Success is when you hear a tone coming from the speaker, and its pitch changes as you change the amount of light falling on the photoresistor.
Schematic
Click on the image to see a larger version.
Images
Click on the image to see a larger version.
Video
[Under Construction]
How Does It Work
The Photoresistor
The photoresistor, also known as the light-dependent resistor and photoconductive cell, responds to light because its active material – either cadmium sulfide (CdS) or cadmium selenide (CdSe) – is a photosensitive semiconductor. You can see the material as the orange- or red-colored serpentine stripe on the surface. In the absence of light, this material is poor conductor of electricity — it has high resistance. But when struck by light, its conductivity goes up greatly — its resistance decreases significantly.
In this hack, the photocell is controlling the input voltage to the circuit. In bright light, the photocell has low resistance, and feeds more current into the potentiometer. This raises the voltage on that node, which raises the current flowing thru R1. And as we saw in the previous project, more current thru R1 leads to higher oscillation frequency.

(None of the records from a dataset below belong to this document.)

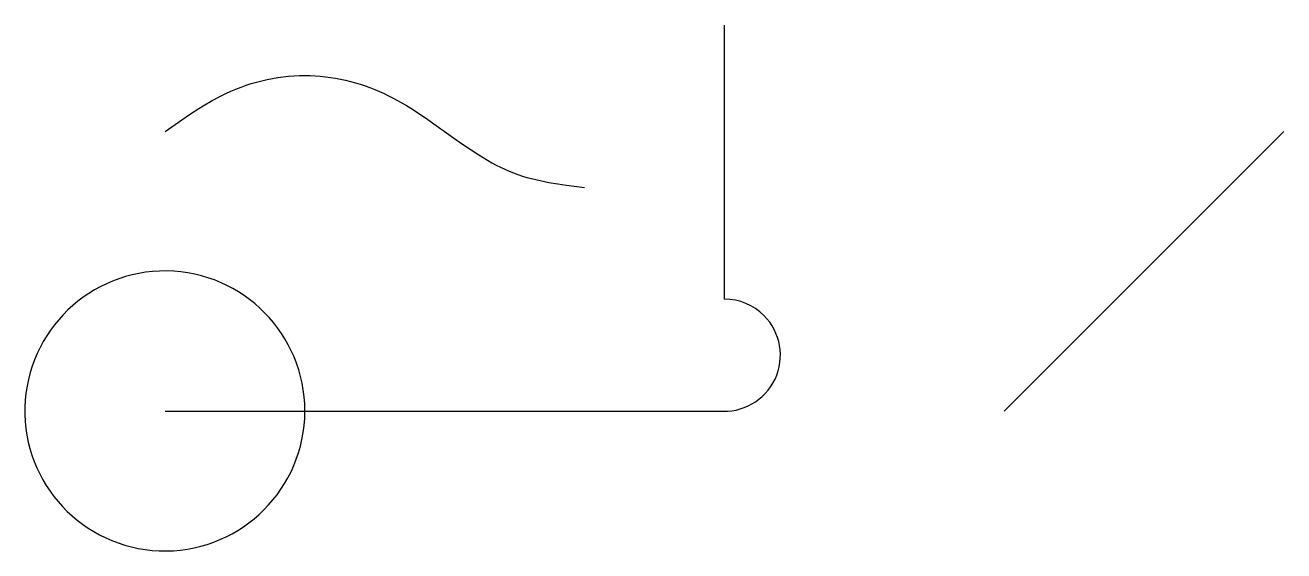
# Model space of a CAD drawing. Header units: metres. Extents: x -50 to 400, y -50 to 138.
import ezdxf

# ---------------------------------------------------------------- set-up
doc = ezdxf.new("R2010")
doc.units = ezdxf.units.M
for name, color, linetype in [('CURVA_LIBRE_ARC', 5, 'Continuous'), ('LINEA_SIMPLE_ARC', 5, 'Continuous'), ('PIEZA_CIRC_ARC', 5, 'Continuous'), ('VIDRIO_FORMA_ARC', 5, 'Continuous')]:
    doc.layers.add(name, color=color, linetype=linetype)

msp = doc.modelspace()

# ---------------------------------------------------------------- linework, layer by layer
at = {"layer": 'CURVA_LIBRE_ARC', "color": 5}
msp.add_lwpolyline([(0, 100), (6.03, 104.2), (9.07, 106.25), (12.14, 108.23), (13.69, 109.18), (16.84, 111.01), (20.05, 112.72, -0.118222), (50, 120, -0.110459), (78.32, 113.53), (79.95, 112.74), (81.56, 111.91), (83.16, 111.04), (86.31, 109.22), (87.86, 108.27), (90.93, 106.3), (93.97, 104.25), (96.99, 102.14), (106.03, 95.71), (109.07, 93.62), (112.14, 91.61), (115.26, 89.72), (116.84, 88.82), (118.44, 87.96, 0.0602), (131.01, 83.12), (134.1, 82.39), (137.23, 81.78), (140.39, 81.25), (143.58, 80.8), (150, 80)], format="xyb", dxfattribs=at)
at = {"layer": 'LINEA_SIMPLE_ARC', "color": 5}
msp.add_lwpolyline([(300, 0), (400, 100)], dxfattribs=at)
at = {"layer": 'PIEZA_CIRC_ARC', "color": 5}
msp.add_lwpolyline([(50, 0, 76.390009), (49.93, -2.62)], format="xyb", close=True, dxfattribs=at)
at = {"layer": 'VIDRIO_FORMA_ARC', "color": 5}
msp.add_lwpolyline([(0, 0), (198, 0, 0.703714), (214.14, 34.14, 0.198912), (200, 40), (200, 138)], format="xyb", dxfattribs=at)

doc.saveas('drawing.dxf')

Only two leads of the potentiometer are used in this circuit — this is called a variable-resistor or "rheostat" connection.
History
The photoelectric effect was discovered in 1873 in gray selenium. Selenium photoresistors were soon commercialized in the mid-1870's. Photoresistors based on cadmium sulfide and cadmium selenide came some time later. Over the years, scientists have experimented with many other metal-sulfide formulas.
Simple Mods
Reaction to Light — The circuit as-is produces a higher frequency output when more light strikes the photocell. But if you want the opposite effect, to get lower frequency output with increasing light, swap the circuit placement of the potentiometer and the photocell.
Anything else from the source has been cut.